◆ **PROBLEM TO SOLVE**:
Lines in the listing below containing the string "with" are to be identified and copied.

◆ **SOURCE MATERIAL**:
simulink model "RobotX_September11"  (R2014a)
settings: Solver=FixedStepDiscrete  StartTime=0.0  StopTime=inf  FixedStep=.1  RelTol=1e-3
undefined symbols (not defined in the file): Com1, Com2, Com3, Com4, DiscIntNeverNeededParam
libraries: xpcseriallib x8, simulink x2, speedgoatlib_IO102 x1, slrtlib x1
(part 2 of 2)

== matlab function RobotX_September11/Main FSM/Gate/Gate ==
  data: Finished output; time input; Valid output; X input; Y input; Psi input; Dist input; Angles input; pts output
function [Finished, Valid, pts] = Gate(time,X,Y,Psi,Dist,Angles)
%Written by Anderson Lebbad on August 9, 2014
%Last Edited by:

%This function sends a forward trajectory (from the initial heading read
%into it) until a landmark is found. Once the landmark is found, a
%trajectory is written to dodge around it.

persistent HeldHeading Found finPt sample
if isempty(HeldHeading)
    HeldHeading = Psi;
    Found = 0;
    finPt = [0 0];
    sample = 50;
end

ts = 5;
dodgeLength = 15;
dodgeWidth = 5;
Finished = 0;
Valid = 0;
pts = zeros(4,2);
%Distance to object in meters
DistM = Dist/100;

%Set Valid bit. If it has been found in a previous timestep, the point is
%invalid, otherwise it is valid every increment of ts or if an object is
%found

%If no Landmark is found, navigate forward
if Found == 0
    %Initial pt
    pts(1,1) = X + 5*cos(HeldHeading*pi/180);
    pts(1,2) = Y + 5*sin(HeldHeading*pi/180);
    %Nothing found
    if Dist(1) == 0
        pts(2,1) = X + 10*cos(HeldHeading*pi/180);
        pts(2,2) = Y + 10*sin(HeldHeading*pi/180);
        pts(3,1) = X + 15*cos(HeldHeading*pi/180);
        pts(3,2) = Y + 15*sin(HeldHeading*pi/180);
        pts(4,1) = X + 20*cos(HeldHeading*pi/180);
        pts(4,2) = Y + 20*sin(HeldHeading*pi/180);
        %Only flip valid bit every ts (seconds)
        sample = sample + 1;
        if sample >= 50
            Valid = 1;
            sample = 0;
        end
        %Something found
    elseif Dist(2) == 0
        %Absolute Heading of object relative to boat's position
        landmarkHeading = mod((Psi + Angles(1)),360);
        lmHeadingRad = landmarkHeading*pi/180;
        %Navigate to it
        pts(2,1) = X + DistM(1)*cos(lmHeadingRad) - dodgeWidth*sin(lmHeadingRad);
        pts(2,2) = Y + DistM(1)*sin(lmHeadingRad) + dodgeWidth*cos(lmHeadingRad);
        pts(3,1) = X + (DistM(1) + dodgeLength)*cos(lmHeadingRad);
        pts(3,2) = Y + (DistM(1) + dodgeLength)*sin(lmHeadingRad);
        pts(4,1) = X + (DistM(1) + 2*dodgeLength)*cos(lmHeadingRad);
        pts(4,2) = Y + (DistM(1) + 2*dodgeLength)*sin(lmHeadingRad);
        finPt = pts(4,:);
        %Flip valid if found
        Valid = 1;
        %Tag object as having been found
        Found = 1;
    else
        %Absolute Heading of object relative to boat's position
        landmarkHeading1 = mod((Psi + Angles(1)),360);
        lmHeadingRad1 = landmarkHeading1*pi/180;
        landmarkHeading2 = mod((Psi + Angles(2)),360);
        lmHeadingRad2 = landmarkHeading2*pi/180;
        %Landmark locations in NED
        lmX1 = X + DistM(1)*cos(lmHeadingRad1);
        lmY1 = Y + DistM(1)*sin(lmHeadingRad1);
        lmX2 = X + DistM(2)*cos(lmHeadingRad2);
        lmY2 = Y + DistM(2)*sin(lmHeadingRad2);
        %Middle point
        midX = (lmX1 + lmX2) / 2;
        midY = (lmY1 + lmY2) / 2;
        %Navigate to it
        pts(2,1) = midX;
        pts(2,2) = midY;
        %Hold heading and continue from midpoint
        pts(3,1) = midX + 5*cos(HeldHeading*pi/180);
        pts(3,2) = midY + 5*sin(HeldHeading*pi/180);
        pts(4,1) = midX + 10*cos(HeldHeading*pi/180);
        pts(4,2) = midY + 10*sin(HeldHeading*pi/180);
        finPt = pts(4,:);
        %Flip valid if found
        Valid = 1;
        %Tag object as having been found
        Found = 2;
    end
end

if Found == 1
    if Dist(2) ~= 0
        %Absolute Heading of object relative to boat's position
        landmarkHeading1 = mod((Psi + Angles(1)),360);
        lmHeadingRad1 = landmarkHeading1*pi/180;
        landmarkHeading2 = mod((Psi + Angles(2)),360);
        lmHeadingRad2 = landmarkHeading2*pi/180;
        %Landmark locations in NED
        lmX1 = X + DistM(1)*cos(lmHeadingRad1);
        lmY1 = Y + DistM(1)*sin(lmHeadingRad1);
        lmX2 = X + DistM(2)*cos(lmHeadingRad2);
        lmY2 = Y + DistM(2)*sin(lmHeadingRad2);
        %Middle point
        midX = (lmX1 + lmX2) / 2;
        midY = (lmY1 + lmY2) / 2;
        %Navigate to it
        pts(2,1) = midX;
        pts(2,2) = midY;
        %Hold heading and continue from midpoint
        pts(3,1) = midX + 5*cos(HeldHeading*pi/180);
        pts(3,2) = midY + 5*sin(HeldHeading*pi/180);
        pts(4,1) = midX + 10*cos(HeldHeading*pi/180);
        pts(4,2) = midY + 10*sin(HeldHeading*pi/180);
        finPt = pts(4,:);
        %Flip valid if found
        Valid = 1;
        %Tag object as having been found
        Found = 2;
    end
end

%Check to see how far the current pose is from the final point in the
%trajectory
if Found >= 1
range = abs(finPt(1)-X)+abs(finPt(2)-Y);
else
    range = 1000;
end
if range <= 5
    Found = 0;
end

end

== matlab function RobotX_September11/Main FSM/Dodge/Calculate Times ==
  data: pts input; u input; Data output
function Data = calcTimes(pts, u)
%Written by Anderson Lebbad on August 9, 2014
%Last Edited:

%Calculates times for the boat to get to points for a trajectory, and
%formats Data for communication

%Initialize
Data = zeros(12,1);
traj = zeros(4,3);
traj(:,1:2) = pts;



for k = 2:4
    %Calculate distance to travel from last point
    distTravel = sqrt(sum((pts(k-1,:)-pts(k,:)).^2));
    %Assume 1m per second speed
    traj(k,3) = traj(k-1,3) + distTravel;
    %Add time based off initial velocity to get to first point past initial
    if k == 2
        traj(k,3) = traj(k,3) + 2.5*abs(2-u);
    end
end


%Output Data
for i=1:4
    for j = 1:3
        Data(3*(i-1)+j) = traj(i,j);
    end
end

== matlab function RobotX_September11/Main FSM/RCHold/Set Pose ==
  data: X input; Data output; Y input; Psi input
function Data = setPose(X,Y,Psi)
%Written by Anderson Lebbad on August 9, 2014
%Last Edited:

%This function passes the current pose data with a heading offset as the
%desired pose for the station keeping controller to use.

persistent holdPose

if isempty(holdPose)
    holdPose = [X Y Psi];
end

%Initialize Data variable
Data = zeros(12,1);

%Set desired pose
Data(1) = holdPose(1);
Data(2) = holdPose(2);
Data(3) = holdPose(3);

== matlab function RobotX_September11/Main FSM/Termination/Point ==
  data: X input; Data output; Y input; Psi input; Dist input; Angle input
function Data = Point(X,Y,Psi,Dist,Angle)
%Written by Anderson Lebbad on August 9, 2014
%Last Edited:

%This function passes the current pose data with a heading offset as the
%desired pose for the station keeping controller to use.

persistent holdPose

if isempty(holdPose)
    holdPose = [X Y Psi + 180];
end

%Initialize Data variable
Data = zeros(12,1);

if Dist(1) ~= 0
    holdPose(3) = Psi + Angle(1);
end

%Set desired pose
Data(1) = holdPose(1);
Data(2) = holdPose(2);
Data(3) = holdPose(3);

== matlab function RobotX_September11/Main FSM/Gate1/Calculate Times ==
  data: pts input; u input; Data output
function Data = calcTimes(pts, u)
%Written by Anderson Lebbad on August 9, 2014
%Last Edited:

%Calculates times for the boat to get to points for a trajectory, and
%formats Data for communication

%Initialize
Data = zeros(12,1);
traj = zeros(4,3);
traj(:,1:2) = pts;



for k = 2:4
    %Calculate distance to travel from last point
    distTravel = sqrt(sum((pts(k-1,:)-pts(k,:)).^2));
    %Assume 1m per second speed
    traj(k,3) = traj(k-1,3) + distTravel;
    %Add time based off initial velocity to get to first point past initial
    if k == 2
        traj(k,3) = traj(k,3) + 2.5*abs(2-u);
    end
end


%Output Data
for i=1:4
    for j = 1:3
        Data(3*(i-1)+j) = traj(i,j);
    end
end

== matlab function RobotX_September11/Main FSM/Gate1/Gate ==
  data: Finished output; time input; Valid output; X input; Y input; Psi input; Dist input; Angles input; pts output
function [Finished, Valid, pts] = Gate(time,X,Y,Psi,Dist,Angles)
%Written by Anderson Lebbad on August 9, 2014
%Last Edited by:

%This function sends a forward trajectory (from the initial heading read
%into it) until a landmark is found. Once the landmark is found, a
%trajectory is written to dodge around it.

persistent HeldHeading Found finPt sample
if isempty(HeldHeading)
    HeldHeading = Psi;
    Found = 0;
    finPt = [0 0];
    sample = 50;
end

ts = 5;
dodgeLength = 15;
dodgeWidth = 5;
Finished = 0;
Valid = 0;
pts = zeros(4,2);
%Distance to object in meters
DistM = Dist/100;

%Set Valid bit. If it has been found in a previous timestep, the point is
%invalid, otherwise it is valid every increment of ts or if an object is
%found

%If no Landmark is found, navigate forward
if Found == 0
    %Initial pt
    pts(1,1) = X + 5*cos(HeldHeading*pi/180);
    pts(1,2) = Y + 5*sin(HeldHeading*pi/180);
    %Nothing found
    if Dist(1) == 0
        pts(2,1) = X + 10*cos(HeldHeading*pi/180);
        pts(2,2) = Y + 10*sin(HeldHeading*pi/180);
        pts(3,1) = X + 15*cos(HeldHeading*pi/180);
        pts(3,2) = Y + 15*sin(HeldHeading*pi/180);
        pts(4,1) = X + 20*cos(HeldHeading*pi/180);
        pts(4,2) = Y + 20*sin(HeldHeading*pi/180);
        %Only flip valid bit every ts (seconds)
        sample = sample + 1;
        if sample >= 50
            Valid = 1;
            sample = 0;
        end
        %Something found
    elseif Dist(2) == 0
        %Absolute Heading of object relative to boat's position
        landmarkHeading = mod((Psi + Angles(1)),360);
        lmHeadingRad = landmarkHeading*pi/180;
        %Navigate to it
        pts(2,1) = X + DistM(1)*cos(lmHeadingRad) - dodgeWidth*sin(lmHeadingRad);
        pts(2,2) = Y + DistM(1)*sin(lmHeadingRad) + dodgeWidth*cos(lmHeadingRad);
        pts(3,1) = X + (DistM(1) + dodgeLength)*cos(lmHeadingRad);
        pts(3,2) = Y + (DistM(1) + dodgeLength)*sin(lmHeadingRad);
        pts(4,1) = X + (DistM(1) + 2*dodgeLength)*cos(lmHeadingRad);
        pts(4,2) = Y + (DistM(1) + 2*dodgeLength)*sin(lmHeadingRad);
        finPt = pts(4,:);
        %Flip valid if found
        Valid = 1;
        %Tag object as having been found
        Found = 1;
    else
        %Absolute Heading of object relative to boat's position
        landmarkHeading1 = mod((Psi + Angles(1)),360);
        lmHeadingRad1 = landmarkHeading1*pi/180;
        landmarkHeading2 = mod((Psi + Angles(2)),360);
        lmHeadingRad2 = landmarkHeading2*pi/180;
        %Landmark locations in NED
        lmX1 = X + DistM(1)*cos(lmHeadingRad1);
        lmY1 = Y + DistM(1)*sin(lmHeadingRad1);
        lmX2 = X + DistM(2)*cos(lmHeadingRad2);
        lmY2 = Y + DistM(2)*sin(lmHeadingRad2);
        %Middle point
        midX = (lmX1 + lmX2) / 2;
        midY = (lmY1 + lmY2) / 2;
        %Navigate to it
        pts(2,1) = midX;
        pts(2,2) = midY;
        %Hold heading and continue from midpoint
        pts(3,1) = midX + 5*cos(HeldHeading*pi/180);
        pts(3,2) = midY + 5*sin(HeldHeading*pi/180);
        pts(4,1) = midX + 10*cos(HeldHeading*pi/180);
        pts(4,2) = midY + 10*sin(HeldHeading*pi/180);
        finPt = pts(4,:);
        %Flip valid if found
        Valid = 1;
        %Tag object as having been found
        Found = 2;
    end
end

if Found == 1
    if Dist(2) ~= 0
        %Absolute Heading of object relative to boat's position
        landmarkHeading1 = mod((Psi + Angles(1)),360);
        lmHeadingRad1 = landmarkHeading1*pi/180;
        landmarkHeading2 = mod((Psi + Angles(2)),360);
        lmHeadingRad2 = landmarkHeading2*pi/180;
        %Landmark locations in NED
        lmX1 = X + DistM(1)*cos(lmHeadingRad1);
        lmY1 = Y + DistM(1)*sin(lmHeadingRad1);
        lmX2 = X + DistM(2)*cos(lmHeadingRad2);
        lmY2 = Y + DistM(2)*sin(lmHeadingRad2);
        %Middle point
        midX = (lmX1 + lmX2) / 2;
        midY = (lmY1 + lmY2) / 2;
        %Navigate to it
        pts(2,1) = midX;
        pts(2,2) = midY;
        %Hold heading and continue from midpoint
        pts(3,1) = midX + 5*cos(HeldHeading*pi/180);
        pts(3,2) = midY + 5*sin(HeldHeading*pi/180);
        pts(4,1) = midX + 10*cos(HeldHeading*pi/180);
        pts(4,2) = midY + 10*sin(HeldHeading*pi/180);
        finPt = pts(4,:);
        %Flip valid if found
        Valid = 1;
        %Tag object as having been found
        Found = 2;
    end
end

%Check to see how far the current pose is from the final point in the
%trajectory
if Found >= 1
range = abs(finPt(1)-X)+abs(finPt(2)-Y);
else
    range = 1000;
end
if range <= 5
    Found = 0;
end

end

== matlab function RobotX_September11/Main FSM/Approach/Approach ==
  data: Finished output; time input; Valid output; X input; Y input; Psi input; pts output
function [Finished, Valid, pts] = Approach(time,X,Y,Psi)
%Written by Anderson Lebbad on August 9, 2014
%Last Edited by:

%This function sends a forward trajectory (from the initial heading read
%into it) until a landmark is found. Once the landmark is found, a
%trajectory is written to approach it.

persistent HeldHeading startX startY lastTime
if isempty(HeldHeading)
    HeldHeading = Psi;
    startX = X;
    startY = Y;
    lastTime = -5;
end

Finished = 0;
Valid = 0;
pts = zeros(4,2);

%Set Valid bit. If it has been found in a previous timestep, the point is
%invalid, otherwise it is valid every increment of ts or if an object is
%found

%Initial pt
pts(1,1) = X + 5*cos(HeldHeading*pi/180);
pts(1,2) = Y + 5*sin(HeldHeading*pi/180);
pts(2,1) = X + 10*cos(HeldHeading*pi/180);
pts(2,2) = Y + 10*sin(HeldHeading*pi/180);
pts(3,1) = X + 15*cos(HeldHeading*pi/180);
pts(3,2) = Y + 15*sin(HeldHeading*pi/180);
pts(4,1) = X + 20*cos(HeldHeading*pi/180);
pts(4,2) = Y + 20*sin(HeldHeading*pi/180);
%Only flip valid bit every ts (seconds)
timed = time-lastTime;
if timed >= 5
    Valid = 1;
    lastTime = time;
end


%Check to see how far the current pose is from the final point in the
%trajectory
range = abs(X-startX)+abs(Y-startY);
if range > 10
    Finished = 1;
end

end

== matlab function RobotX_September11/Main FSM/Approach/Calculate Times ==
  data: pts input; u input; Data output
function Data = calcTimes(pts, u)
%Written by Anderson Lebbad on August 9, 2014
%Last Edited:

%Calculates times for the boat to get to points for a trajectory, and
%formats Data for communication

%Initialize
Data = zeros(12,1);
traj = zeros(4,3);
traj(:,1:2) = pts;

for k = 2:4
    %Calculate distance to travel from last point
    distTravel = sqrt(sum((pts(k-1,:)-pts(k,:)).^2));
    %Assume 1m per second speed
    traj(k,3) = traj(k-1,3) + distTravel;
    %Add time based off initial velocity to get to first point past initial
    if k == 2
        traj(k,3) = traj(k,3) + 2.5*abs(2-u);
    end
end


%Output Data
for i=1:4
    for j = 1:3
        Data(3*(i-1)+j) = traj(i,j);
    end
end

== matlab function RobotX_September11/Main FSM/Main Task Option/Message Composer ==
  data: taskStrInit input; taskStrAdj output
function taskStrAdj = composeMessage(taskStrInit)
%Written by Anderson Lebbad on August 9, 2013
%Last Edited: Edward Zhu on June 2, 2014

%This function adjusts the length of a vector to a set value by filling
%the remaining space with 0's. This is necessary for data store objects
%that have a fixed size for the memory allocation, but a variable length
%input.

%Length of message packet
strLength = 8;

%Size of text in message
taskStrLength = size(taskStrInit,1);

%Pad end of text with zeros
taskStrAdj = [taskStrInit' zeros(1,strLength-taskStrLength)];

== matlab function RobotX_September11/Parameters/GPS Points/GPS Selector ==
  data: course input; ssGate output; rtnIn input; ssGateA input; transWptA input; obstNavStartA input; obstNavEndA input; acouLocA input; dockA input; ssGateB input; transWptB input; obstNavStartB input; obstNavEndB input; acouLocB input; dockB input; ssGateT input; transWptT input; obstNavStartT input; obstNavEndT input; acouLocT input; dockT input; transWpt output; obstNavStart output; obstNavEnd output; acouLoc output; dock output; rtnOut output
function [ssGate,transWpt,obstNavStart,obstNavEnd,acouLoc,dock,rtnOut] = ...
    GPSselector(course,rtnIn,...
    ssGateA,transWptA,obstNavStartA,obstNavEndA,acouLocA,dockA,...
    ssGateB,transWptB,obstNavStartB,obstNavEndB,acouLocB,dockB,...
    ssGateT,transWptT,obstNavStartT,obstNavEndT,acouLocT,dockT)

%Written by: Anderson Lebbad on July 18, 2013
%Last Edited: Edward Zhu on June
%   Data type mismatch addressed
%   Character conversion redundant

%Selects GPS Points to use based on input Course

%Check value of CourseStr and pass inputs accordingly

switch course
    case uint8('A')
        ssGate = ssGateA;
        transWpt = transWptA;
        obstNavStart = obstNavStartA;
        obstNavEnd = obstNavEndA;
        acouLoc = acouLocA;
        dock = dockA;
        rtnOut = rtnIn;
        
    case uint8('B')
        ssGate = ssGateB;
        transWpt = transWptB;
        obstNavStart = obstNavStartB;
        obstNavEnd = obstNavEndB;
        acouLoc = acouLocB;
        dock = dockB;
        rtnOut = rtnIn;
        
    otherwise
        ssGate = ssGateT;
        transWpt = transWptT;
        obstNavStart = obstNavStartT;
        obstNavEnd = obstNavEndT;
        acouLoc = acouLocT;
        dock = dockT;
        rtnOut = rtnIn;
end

◆ **RESPONSE BOX**:
%This function passes the current pose data with a heading offset as the
%This function passes the current pose data with a heading offset as the
%the remaining space with 0's. This is necessary for data store objects
%Pad end of text with zeros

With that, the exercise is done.